Through the four programmable Arm cores, organizations can deploy application-specific distributed compute functions in the storage device.
“In the CSD 2000 generation that’s shipping today, we have the capacity multiplier capability,” he says. “We have great performance in the storage. We do not have the encryption and we do not yet use the NVMe driver. We do have a ScaleFlux driver. In the 3000 [generation], we transition to the NVMe drivers to support a broader array of OSes very simply and extend the market for these drives much more broadly.”
The NSD 3000 series NVMe SSDs is essentially a smarter offering than other devices, with twice the endurance and performance on random write and mixed read/writes than competitive NVMe drives. It’s aimed at enterprises that might not need to adopt all the capabilities of the CSD 3000 and are looking for a cheaper alternative.
“For those who aren’t quite sure how they would consume the extended capacity or how they would consume those cores, here’s a product where we turn those things off and it’s just a better NVMe SSD,” he says. “In the NSD, we retain the transparent compression-decompression function, but we just leverage that for improved endurance and performance and don’t give customers the keys to do the capacity multiplication.”
The CSP 3000 delivers a computational storage processor without the built-in flash and offers organizations expanded access to the programmable cores so they can add additional functions specific to their deployments.
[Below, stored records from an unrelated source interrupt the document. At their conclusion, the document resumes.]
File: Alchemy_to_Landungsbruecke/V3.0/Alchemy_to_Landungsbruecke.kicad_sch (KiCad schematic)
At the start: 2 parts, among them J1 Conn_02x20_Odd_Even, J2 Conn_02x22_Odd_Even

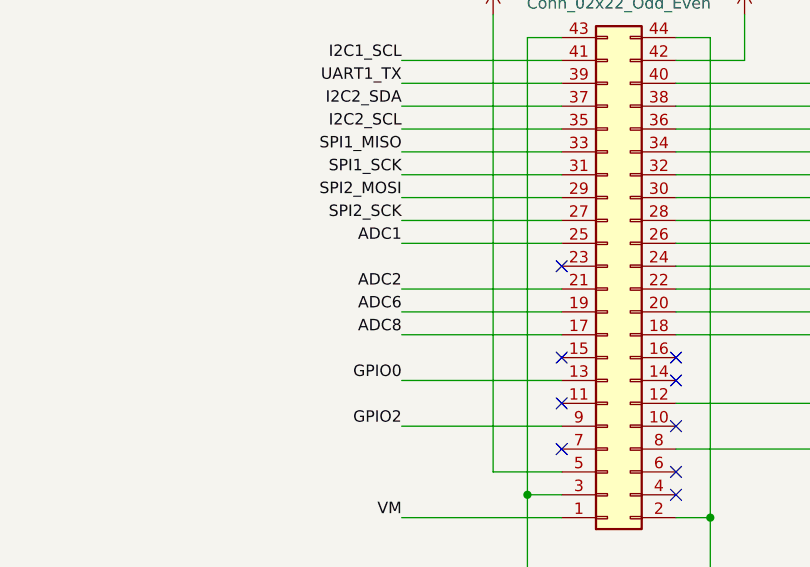
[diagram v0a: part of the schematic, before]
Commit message: Added 0 ohm resistor to GND for LB CLK
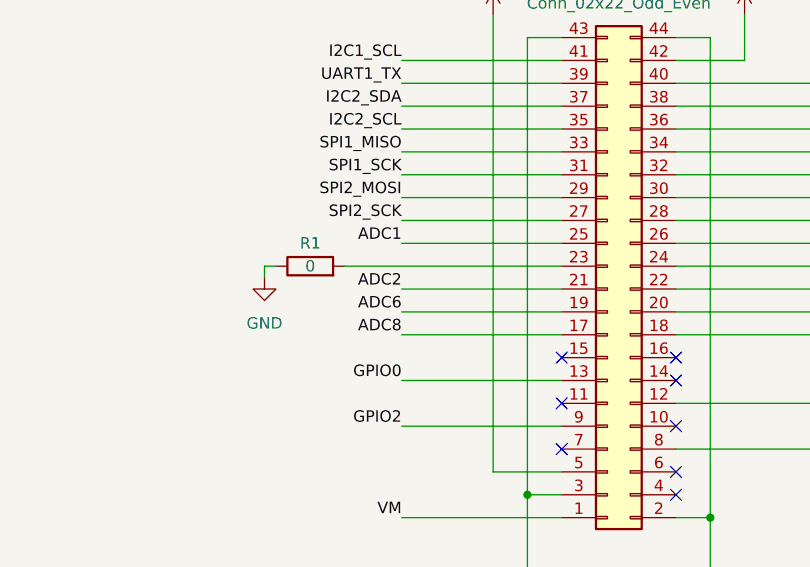
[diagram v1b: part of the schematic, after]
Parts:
- added R1: 0, Resistor_SMD:R_0805_2012Metric, symbol Device:R
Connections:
- net GND: now also R1.1
- net at J2.23 (Pin_23): now also R1.2
- no-connect marks 11 -> 10
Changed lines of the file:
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@@
   (no_connect (at 220.98 127))
   (no_connect (at 220.98 124.46))
-  (no_connect (at 208.28 101.6))
   (wire (pts (xy 190.5 91.44) (xy 208.28 91.44))
     (stroke (width 0) (type default) (color 0 0 0 0))
@@
     (stroke (width 0) (type default) (color 0 0 0 0))
   )
+  (wire (pts (xy 184.15 101.6) (xy 208.28 101.6))
+    (stroke (width 0) (type default) (color 0 0 0 0))
+  )
   (wire (pts (xy 59.69 93.98) (xy 71.12 93.98))
     (stroke (width 0) (type default) (color 0 0 0 0))
@@
     (stroke (width 0) (type default) (color 0 0 0 0))
   )
+  (wire (pts (xy 175.26 101.6) (xy 175.26 102.87))
+    (stroke (width 0) (type default) (color 0 0 0 0))
+  )
   (wire (pts (xy 83.82 93.98) (xy 95.25 93.98))
     (stroke (width 0) (type default) (color 0 0 0 0))
@@
   )
   (wire (pts (xy 220.98 86.36) (xy 238.76 86.36))
+    (stroke (width 0) (type default) (color 0 0 0 0))
+  )
+  (wire (pts (xy 176.53 101.6) (xy 175.26 101.6))
     (stroke (width 0) (type default) (color 0 0 0 0))
   )
@@
     (pin "9")
   )
+  (symbol (lib_id "power:GND") (at 175.26 102.87 0) (unit 1)
+    (in_bom yes) (on_board yes) (fields_autoplaced)
+    (property "Reference" "#PWR0109" (id 0) (at 175.26 109.22 0)
+      (effects (font (size 1.27 1.27)) hide)
+    )
+    (property "Value" "GND" (id 1) (at 175.26 107.95 0))
+    (property "Footprint" "" (id 2) (at 175.26 102.87 0)
+      (effects (font (size 1.27 1.27)) hide)
+    )
+    (property "Datasheet" "" (id 3) (at 175.26 102.87 0)
+      (effects (font (size 1.27 1.27)) hide)
+    )
+    (pin "1")
+  )
   (symbol (lib_id "power:GND") (at 67.31 128.27 0) (unit 1)
     (in_bom yes) (on_board yes) (fields_autoplaced)
@@
     )
     (pin "1")
+  )
+  (symbol (lib_id "Device:R") (at 180.34 101.6 90) (unit 1)
+    (in_bom yes) (on_board yes)
+    (property "Reference" "R1" (id 0) (at 180.34 99.06 90))
+    (property "Value" "0" (id 1) (at 180.34 101.6 90))
+    (property "Footprint" "Resistor_SMD:R_0805_2012Metric" (id 2) (at 180.34 103.378 90)
+      (effects (font (size 1.27 1.27)) hide)
+    )
+    (property "Datasheet" "~" (id 3) (at 180.34 101.6 0)
+      (effects (font (size 1.27 1.27)) hide)
+    )
+    (pin "1")
+    (pin "2")
   )
   (symbol (lib_id "Connector_Generic:Conn_02x22_Odd_Even") (at 213.36 104.14 0) (mirror x) (unit 1)
@@
       (reference "#PWR0108") (unit 1) (value "GND") (footprint "")
     )
+    (path "/4ee25d3b-864d-4632-84dc-69d3de7c9bde"
+      (reference "#PWR0109") (unit 1) (value "GND") (footprint "")
+    )
     (path "/4483d50b-a104-4ad4-b588-ff6ea75a0728"
       (reference "J1") (unit 1) (value "Conn_02x20_Odd_Even") (footprint "pmod-conn_6x2:con_Alchemy_mirrored")
@@
       (reference "J2") (unit 1) (value "Conn_02x22_Odd_Even") (footprint "Connector_PinHeader_2.54mm:PinHeader_2x22_P2.54mm_Vertical")
     )
-  )
+    (path "/c190d89e-9712-4d18-b416-ca3a4a623235"
+      (reference "R1") (unit 1) (value "0") (footprint "Resistor_SMD:R_0805_2012Metric")
+    )
+  )

This offering may be used when enterprises “have got hard drives and they’re not looking to wholesale swap out the hard drives but they want to do some compute offload to go with that array or for some other reason,” Baker says. “If They need to separate the compute from the storage, then the CSP is a viable solution.”
Developing the Arm-based ASIC was key to enabling ScaleFlux to expand the capabilities of its portfolio, which couldn’t be done with an FPGA in terms of cost and power, he says. The system-on-a-chip (SoC) has four functional areas integrated onto it. There is a flash subsystem with a 16-channel controller and built-in compression/decompression and encryption. Also integrated are hardware compute engines for fixed algorithm tasks and a CPU complex for use case-specific programs. In the CSD, users have access to four of the eight cores; the others are used for flash management and exception handling. However, in the CSP, they have access to all eight cores before there’s no flash involved.
There also is a PCIe interface, with eight PCIe 4.0 ports, though in most form factors, there will only be four lanes in use.
“It’s all integrated into a single chip,” he says. “We don’t need a separate processor to do the compute functions and a discrete flash controller. It’s all integrated to save board space, improve performance, save power [and] allow higher capacity of the drives.”
This data-driven architecture offers a range of advantages over traditional processor-focused compute infrastructure, including the ability to move more of those compute functions into the drives, Baker says. What ScaleFlux is looking to do is to offer enterprises a way to bring even more of those compute tasks onto its hardware.